» Your task
Please reproduce the entries below exactly, starting at the first line and ending with the line that holds "doc.units = ezdxf.units.MM".

Stored items
══════

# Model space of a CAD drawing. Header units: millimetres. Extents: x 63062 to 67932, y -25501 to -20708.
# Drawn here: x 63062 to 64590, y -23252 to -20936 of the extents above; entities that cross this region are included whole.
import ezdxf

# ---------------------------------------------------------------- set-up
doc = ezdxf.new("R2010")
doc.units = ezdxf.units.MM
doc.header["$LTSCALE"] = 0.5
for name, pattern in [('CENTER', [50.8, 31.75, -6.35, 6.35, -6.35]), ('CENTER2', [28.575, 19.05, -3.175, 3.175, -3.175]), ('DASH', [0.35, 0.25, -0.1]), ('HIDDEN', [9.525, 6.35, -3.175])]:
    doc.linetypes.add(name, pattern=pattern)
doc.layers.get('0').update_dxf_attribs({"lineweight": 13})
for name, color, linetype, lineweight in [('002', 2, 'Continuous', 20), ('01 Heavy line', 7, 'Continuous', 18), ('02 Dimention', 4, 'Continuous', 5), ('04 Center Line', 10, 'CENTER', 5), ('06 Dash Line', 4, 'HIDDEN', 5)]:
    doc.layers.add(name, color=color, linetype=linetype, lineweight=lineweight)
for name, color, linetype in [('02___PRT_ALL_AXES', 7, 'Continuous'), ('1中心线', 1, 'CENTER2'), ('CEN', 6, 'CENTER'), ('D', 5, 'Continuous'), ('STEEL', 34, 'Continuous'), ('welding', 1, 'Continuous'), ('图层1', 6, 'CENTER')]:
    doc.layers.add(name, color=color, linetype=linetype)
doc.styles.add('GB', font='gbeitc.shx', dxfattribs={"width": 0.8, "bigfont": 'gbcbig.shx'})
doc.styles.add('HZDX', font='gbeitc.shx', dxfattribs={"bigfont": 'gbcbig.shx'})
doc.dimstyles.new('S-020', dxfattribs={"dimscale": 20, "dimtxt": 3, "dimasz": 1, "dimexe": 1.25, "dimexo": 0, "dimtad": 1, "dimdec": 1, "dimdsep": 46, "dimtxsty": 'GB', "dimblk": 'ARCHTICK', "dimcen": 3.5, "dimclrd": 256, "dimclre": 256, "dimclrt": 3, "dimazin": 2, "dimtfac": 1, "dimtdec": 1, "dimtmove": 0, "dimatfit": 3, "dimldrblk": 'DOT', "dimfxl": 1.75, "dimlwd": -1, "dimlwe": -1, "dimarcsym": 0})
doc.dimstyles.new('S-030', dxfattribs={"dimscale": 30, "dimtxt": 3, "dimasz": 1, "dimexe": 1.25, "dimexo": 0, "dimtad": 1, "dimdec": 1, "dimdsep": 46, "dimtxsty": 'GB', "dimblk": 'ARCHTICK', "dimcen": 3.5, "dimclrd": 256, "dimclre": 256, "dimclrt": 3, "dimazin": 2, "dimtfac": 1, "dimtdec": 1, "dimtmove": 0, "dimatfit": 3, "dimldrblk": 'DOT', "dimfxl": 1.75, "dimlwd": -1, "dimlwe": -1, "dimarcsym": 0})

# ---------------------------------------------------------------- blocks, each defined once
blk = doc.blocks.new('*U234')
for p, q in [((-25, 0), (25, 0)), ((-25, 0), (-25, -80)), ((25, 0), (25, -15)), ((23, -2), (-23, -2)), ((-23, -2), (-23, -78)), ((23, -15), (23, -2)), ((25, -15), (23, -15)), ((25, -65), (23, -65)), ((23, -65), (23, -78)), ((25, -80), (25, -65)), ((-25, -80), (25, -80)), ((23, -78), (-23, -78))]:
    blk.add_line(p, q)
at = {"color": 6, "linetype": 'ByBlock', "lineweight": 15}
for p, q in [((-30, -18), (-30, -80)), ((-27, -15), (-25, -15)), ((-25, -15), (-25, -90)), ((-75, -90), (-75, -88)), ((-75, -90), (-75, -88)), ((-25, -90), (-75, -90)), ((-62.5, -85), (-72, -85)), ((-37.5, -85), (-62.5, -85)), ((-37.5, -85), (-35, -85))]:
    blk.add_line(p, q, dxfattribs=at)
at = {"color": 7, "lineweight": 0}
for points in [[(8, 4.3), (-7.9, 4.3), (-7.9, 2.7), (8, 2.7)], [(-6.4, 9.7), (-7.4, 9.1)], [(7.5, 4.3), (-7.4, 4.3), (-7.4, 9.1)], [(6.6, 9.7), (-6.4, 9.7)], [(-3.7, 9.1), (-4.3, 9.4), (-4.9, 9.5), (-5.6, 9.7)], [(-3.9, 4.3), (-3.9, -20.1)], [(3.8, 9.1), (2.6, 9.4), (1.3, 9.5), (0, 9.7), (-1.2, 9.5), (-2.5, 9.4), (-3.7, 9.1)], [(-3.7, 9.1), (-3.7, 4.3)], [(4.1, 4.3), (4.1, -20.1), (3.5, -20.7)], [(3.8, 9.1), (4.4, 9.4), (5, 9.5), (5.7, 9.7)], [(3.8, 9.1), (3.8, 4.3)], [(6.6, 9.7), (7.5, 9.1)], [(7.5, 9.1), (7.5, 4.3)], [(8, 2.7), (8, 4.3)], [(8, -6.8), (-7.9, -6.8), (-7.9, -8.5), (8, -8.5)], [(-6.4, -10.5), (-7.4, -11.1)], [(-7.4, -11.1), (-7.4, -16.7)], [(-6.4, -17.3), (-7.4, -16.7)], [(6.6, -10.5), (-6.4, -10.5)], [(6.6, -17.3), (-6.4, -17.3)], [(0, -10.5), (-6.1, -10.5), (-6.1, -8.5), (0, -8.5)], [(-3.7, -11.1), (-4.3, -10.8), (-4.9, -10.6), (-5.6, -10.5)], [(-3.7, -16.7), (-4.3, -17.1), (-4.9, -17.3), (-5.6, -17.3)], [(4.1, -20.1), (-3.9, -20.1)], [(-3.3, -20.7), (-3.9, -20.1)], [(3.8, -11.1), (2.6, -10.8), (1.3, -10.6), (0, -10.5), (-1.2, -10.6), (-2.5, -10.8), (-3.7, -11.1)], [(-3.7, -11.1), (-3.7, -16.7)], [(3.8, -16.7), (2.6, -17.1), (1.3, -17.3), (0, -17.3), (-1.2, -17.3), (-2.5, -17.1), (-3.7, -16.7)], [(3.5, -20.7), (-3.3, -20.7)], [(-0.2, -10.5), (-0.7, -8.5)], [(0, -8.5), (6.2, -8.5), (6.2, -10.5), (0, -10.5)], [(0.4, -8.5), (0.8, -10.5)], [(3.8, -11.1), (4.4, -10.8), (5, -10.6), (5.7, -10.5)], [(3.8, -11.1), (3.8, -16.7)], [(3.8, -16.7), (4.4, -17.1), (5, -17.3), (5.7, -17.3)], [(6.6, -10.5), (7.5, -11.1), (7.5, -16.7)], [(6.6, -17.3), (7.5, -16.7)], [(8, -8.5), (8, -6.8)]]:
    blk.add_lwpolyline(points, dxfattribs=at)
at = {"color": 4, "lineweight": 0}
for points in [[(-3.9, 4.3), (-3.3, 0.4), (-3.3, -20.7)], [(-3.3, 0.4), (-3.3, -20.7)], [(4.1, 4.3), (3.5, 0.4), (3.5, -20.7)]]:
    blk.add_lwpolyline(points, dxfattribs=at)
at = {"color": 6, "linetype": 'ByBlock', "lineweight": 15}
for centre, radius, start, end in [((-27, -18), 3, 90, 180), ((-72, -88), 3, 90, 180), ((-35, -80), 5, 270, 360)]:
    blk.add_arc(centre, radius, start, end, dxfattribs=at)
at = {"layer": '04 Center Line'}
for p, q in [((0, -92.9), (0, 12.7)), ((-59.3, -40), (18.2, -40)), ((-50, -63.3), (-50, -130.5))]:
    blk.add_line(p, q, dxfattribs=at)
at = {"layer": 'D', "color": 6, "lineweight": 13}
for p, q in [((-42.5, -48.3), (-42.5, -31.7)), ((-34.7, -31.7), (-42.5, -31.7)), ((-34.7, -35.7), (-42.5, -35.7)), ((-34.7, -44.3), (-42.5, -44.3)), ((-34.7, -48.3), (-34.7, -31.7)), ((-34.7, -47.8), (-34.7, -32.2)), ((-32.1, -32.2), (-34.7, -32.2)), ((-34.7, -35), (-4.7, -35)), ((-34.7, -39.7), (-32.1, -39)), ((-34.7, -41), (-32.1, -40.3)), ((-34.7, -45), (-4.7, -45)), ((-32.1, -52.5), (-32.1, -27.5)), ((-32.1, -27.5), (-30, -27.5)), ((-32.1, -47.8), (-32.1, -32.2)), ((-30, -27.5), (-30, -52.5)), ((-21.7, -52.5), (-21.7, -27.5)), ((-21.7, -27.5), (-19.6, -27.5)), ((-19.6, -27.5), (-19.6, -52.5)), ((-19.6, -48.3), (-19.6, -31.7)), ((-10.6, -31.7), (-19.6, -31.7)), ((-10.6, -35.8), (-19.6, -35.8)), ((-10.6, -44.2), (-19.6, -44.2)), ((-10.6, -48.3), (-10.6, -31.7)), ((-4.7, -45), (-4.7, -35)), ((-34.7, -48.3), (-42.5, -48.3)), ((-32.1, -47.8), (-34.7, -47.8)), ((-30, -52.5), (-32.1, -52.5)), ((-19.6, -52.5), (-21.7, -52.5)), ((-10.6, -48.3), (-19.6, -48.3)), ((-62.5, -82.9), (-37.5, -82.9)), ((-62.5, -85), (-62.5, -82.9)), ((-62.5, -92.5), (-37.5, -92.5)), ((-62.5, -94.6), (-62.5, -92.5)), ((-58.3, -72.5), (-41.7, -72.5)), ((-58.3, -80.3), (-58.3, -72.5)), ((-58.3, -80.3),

══════

» Response to this exercise
# Model space of a CAD drawing. Header units: millimetres. Extents: x 63062 to 67932, y -25501 to -20708.
# Drawn here: x 63062 to 64590, y -23252 to -20936 of the extents above; entities that cross this region are included whole.
import ezdxf

# ---------------------------------------------------------------- set-up
doc = ezdxf.new("R2010")
doc.units = ezdxf.units.MM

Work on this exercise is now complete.